Supercomputer creates sentience

 

Jokes aside, this is an astonishing leap forward in the game of playing God. But who exactly is the Dr Frankenstein to these xenobot monsters? Unnervingly, their specific shapes — they come in a range of shapes that look a bit like Tetris blocks — were designed not by the clever scientists, but rather by a supercomputer.

 

It did this via a kind of xenobot Battle Royale, in which tons of randomly-assembled designs faced off within a simulation to cull the weakest and mutate the strongest. Some of the winning forms are c-shaped, some triangular and there is even a doughnut-shaped one with a hole in the middle. But these are just the ones that made it to the final iteration. One wonders if they could be made to form any shape, like letters of the alphabet — xenobot soup could be a big hit, if only they were a bit bigger. (Besides, meat grown from frog embryos cannot be the tastiest. Silly idea anyway.)

 

Heal or kill?

 

So xenobots, in a nutshell, are a swarm of invisible genetically engineered semi-sentient robots designed by an artificial intelligence to live in the human body for days or weeks at a time, where they can survive without food and heal themselves if damaged. What could go wrong?

 

Well, probably nothing for now. But the arms race to develop xenobots for new applications is already underway, and militaries will certainly be eager to deploy them carrying biological weapons. The supercomputer that designed the xenobots was not available for comment.

 

Looking at the xenobots, I knew they were reminding me of something that I couldn’t put my finger on.

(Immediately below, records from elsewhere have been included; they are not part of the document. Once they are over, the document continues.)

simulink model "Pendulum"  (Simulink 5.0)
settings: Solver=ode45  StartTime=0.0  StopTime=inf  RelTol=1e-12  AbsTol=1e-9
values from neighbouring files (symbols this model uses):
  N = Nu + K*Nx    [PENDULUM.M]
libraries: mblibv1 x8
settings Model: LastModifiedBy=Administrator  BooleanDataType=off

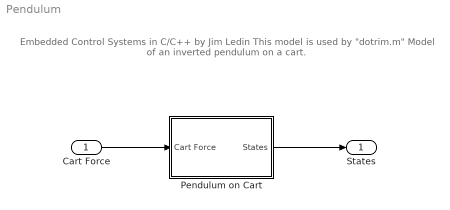
== system Pendulum ==
  note: Embedded Control Systems in C/C++
      | by Jim Ledin
      |
      | This model is used by "dotrim.m"
      |
      | Model of an inverted pendulum on a cart.
  Cart Force : Inport  PortDimensions=1
  Pendulum on Cart : Subsystem
  States : Outport
  wires:
  Cart Force/1 -> Pendulum on Cart/1(Cart Force)
  Pendulum on Cart/1(States) -> States/1

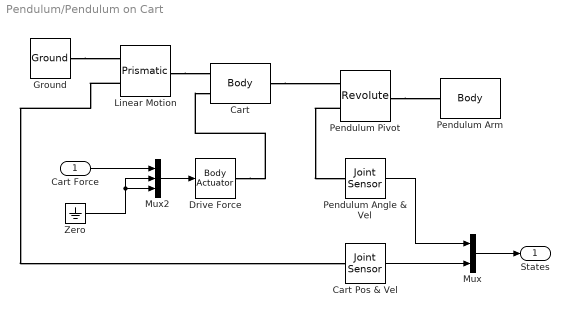
== system Pendulum/Pendulum on Cart ==
  Cart Force : Inport  PortDimensions=1
  Cart : mblibv1/Bodies/Body  Tag=Factory generic  Description=Mechanical Blockset  PhysicalDomain=mechanical  SubClassName=Unknown  PortType=workingframe  LConnTagsString=CS1|CG  RConnTagsString=CS2  DialogClass=MechanicalBodyBlock  Mass=5  MassUnits=kg  InertiaUnits=kg*m^2  Inertia=eye(3)  Shape=Cylinder  ShapeDims=[1 1]  ShapeUnits=m  ShapeUse=false  Density=1  DensityUnits=kg/m^3  DensityUse=false  CG=Left$CG$[0 0 0]$WORLD$WORLD$m$[0 0 0]$Euler X-Y-Z$deg$WORLD$true  WorkingFrames=Left$CS1$[0 0 0]$CG$CG$m$[0 0 0]$Euler X-Y-Z$deg$WORLD$true#Right$CS2$[0 0 0]$CG$CG$m$[0 0 0]$Euler X-Y-Z$deg$WORLD$true
  Cart Pos & Vel : mblibv1/Sensors &  Actuators/Joint Sensor  Tag=__orphan__  Description=Mechanical Blockset  PortType=blob  PhysicalDomain=Mechanical  Muxed=on  Pose=off  Angle=on  AngleUnits=deg  ArcVelocity=off  ArcVelocityUnits=deg/s  ArcAcceleration=off  ArcAccelerationUnits=deg/s²  CoordPosition=on  CoordPositionUnits=m  Velocity=on  VelocityUnits=m/s  Acceleration=off  AccelerationUnits=m/s²  Quaternion=on  QuaternionDT=off  QuaternionDDT=off  QuaternionUnits=off  OutputVector=[ 1 1 ]  ActiveIO=off  Width=1  DialogClass=MechanicalSensorBlock  Primitive=P1  Force=off  ForceUnits=N  Torque=off  TorqueUnits=N-m  ReferenceFrame=Absolute (INERTIAL)  ReactionSensedSide=Base  ReactionReferenceFrame=Absolute (World)  ReactionForce=off  ReactionForceUnits=N  ReactionMoment=off  ReactionMomentUnits=N-m
  Drive Force : mblibv1/Sensors &  Actuators/Body Actuator  Tag=__orphan__  Description=Mechanical Blockset  PortType=blob  PhysicalDomain=Mechanical  ActuationStyle=Force  AngleUnits=deg  ArcVelocityUnits=deg/s  ArcAccelerationUnits=deg/s^2  CoordPositionUnits=m  VelocityUnits=m/s  AccelerationUnits=m/s^2  ForceUnits=N  TorqueUnits=N-m  ActiveIO=off  Width=1  DialogClass=MechanicalActuatorBlock  ReferenceFrame=Absolute (INERTIAL)  Angle=off  CoordPosition=on  Force=on  Torque=off
  Ground : mblibv1/Bodies/Ground  Tag=__orphan__  PortType=workingframe  PhysicalDomain=Mechanical  DialogClass=GroundBlock  CoordPosition=[0 0 0]  CoordPositionUnits=m  StateVectorMgrId=-1  MachineId=[0 0]
  Linear Motion : mblibv1/Joints/Prismatic  Tag=Factory generic  Description=Mechanical Blockset  PhysicalDomain=mechanical  SubClassName=Unknown  PortType=blob  LConnTagsString=__newl0|SA1  RConnTagsString=__newr0  NumSAPorts=1  CutJoint=off  MarkAsCut=off  Primitives=prismatic  PrimitiveProps=P1$WORLD$[1 0 0]$prismatic  DialogClass=JointBlock
  Mux : Mux  Inputs=2
  Mux2 : Mux  Inputs=3
  Pendulum Angle & Vel : mblibv1/Sensors &  Actuators/Joint Sensor  Tag=__orphan__  Description=Mechanical Blockset  PortType=blob  PhysicalDomain=Mechanical  Muxed=on  Pose=off  Angle=on  AngleUnits=rad  ArcVelocity=on  ArcVelocityUnits=rad/s  ArcAcceleration=off  ArcAccelerationUnits=deg/s^2  CoordPosition=on  CoordPositionUnits=m  Velocity=off  VelocityUnits=m/s  Acceleration=off  AccelerationUnits=m/s^2  Quaternion=on  QuaternionDT=off  QuaternionDDT=off  QuaternionUnits=off  OutputVector=[ 1 1 ]  ActiveIO=off  Width=1  DialogClass=MechanicalSensorBlock  Primitive=R1  Force=off  ForceUnits=N  Torque=off  TorqueUnits=N-m  ReferenceFrame=Absolute (INERTIAL)  ReactionSensedSide=Base  ReactionReferenceFrame=Absolute (World)  ReactionForce=off  ReactionForceUnits=N  ReactionMoment=off  ReactionMomentUnits=N-m
  Pendulum Arm : mblibv1/Bodies/Body  Tag=Factory generic  Description=Mechanical Blockset  PhysicalDomain=mechanical  SubClassName=Unknown  PortType=workingframe  LConnTagsString=CS1  DialogClass=MechanicalBodyBlock  Mass=2.49  MassUnits=kg  InertiaUnits=kg*m^2  Inertia=[1.25e-4 0 0; 0 .208 0; 0 0 .208]  Shape=Cylinder  ShapeDims=[1 1]  ShapeUnits=m  ShapeUse=false  Density=1  DensityUnits=kg/m^3  DensityUse=false  CG=Left$CG$[0 .5 0]$WORLD$WORLD$m$[0 0 0]$Euler X-Y-Z$deg$WORLD$false  WorkingFrames=Left$CS1$[0 0 0]$WORLD$WORLD$m$[0 0 0]$Euler X-Y-Z$deg$WORLD$true#Right$CS2$[0 0 0]$CG$CG$m$[0 0 0]$Euler X-Y-Z$deg$WORLD$false
  Pendulum Pivot : mblibv1/Joints/Revolute  Tag=Factory generic  Description=Mechanical Blockset  PhysicalDomain=mechanical  SubClassName=Unknown  PortType=blob  LConnTagsString=__newl0|SA1  RConnTagsString=__newr0  NumSAPorts=1  CutJoint=off  MarkAsCut=off  Primitives=revolute  PrimitiveProps=R1$WORLD$[0 0 -1]$revolute  DialogClass=JointBlock
  Zero : Ground
  States : Outport
  wires:
  Pendulum Angle & Vel/1 -> Mux/1
  Cart Pos & Vel/1 -> Mux/2
  Mux/1 -> States/1
  Mux2/1 -> Drive Force/1
  Zero/1 -> Mux2/2, Mux2/3
  Cart Force/1 -> Mux2/1
  connections:
  Pendulum Pivot/RConn1 -- Pendulum Arm/LConn1
  Ground/RConn1 -- Linear Motion/LConn1
  Cart/RConn1 -- Pendulum Pivot/LConn1
  Linear Motion/RConn1 -- Cart/LConn1
  Pendulum Pivot/LConn2 -- Pendulum Angle & Vel/LConn1
  Linear Motion/LConn2 -- Cart Pos & Vel/LConn1
  Drive Force/RConn1 -- Cart/LConn2

At last, it hit me: the little guys bear a striking resemblance, both in colour and texture, to the titular villain in the 1958 Hollywood blockbuster The Blob. The only difference being of course that blessedly, the xenobots are less than a millimetre wide, and therefore present no menace to small American towns. But what if one of the team went mad and tried to create one massive xenobot, one that could open car doors and absorb teenagers? Here’s hoping the supply of African clawed frog embryo stem cells is running low in their labs. Apparently, the xenobots were named after Xenopus laevis, the frog’s Latin name. Can it be a coincidence, then, that the prefix “xeno-” is Greek for “strange”, “foreign” or “alien”? Either way, it suits these new life forms perfectly.